Work task: In the data below, how many lines include the word "path"? Give only the number.

Stored records:

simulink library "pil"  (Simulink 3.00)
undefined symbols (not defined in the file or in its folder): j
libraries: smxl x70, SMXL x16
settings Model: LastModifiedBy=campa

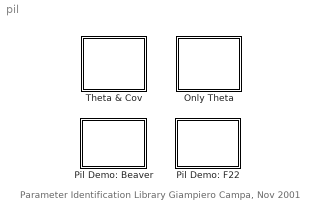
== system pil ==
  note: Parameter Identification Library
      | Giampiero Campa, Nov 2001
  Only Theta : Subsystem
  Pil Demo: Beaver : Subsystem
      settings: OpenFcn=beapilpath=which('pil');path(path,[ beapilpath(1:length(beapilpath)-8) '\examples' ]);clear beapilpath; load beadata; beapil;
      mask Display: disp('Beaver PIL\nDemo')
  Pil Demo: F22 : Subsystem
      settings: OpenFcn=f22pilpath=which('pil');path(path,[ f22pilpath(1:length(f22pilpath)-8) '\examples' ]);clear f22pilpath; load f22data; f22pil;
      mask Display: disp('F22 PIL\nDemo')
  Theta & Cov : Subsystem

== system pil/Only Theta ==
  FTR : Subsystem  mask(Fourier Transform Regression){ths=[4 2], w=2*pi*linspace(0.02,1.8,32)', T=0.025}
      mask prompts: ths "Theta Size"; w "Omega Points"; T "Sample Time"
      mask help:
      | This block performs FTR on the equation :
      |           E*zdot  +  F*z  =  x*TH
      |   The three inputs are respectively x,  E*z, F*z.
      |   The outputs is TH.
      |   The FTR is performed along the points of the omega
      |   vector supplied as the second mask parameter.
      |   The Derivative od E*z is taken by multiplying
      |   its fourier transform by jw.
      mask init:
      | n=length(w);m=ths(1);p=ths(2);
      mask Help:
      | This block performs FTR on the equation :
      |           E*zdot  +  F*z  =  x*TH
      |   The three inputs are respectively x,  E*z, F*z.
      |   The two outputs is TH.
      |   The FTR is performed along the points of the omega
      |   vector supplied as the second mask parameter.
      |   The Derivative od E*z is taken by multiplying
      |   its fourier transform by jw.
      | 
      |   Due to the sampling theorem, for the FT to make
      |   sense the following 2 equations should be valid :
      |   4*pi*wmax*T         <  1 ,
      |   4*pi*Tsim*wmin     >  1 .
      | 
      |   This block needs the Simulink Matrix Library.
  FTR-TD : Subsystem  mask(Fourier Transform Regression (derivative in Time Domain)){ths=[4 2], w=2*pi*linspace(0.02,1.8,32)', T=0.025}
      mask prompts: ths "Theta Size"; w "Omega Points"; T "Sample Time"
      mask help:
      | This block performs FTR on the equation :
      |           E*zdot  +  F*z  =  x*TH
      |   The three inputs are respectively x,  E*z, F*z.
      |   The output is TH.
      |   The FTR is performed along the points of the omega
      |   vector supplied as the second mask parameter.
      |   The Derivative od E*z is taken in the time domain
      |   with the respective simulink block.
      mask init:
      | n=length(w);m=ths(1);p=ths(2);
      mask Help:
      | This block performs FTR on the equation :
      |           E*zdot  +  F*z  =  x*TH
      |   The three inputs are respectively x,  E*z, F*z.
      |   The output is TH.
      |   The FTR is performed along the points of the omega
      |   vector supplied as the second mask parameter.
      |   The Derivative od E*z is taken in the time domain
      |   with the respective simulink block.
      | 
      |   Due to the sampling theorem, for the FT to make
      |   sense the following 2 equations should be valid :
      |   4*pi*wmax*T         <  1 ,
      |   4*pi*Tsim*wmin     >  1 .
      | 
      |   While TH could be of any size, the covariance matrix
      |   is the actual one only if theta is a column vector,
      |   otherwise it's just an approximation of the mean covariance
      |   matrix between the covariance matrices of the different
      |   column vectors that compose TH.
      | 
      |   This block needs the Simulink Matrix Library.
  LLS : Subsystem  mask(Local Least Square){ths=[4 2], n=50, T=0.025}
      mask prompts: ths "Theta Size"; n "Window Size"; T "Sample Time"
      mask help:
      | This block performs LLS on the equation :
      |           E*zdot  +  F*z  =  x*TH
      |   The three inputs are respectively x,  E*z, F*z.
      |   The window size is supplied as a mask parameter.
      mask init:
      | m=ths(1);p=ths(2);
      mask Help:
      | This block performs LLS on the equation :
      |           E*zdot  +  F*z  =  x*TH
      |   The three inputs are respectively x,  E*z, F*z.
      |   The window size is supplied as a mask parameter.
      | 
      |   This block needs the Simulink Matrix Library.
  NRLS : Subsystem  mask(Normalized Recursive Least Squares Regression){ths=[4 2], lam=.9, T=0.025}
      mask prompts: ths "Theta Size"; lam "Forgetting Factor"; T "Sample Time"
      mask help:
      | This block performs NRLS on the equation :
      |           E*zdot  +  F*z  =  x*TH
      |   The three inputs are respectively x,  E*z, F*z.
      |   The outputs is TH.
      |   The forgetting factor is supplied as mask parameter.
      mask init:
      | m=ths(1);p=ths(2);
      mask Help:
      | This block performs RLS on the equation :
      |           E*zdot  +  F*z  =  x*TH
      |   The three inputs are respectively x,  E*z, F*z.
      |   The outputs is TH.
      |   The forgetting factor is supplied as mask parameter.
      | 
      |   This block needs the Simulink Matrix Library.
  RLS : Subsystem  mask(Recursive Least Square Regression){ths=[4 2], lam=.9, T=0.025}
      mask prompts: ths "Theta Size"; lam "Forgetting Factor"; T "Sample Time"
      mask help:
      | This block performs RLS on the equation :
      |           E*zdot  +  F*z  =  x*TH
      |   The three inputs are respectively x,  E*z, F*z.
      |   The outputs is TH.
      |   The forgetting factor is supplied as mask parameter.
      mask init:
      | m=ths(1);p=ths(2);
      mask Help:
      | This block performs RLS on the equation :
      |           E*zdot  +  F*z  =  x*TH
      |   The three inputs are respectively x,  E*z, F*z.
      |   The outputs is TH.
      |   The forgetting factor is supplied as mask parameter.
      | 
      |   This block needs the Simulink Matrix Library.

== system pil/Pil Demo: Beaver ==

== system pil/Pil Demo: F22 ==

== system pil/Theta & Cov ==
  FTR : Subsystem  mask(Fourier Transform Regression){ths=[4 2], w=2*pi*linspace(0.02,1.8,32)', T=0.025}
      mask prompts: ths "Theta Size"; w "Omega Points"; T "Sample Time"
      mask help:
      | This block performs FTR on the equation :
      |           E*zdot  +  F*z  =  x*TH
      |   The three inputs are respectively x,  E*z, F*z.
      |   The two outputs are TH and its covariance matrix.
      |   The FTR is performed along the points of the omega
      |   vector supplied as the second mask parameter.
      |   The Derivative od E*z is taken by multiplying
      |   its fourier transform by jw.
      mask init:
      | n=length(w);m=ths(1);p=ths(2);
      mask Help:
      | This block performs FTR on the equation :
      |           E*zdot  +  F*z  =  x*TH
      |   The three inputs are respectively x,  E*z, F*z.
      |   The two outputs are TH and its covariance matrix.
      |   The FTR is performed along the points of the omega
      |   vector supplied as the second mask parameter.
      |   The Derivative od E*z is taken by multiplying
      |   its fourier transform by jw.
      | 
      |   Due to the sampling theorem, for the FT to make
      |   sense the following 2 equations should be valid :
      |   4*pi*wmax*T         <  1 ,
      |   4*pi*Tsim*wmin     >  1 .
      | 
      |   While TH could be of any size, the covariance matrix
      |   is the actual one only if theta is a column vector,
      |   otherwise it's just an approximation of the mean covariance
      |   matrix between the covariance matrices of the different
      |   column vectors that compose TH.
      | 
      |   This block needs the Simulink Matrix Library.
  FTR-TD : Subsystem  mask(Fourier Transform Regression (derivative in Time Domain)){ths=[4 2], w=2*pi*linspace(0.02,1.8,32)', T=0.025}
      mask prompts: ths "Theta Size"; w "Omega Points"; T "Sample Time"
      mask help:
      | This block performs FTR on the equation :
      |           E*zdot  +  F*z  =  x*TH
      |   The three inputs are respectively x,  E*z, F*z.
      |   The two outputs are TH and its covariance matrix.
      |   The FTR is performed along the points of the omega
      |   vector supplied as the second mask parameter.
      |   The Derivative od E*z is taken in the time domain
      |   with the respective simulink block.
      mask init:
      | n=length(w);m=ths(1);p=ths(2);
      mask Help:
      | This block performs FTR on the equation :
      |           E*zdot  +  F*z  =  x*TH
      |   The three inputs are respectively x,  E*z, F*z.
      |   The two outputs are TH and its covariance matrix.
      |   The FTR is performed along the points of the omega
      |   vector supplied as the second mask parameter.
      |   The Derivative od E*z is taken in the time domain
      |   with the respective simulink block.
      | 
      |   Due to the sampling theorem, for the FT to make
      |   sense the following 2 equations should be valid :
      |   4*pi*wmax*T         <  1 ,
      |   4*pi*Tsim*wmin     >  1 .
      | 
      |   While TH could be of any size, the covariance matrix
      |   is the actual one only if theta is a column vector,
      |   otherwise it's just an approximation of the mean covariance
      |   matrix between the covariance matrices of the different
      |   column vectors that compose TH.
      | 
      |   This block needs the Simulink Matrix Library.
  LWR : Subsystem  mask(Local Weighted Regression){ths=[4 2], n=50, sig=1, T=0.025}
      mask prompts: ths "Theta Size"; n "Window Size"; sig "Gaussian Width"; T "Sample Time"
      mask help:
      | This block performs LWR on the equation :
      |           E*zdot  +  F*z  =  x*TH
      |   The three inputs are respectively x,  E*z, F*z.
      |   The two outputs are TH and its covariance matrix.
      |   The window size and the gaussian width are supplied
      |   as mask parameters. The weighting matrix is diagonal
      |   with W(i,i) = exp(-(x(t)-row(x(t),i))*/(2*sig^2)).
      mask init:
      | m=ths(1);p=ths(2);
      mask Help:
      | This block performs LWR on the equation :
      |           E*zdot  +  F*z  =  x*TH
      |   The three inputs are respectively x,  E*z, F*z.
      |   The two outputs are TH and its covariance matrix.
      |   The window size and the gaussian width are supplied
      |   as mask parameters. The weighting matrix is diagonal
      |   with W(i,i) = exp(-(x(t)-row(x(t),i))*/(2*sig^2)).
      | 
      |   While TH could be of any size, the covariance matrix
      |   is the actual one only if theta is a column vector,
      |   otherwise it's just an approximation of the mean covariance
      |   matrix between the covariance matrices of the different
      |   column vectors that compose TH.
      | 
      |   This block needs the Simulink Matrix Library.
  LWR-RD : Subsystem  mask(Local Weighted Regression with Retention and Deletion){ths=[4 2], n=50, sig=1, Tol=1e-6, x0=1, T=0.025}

Answer space: 2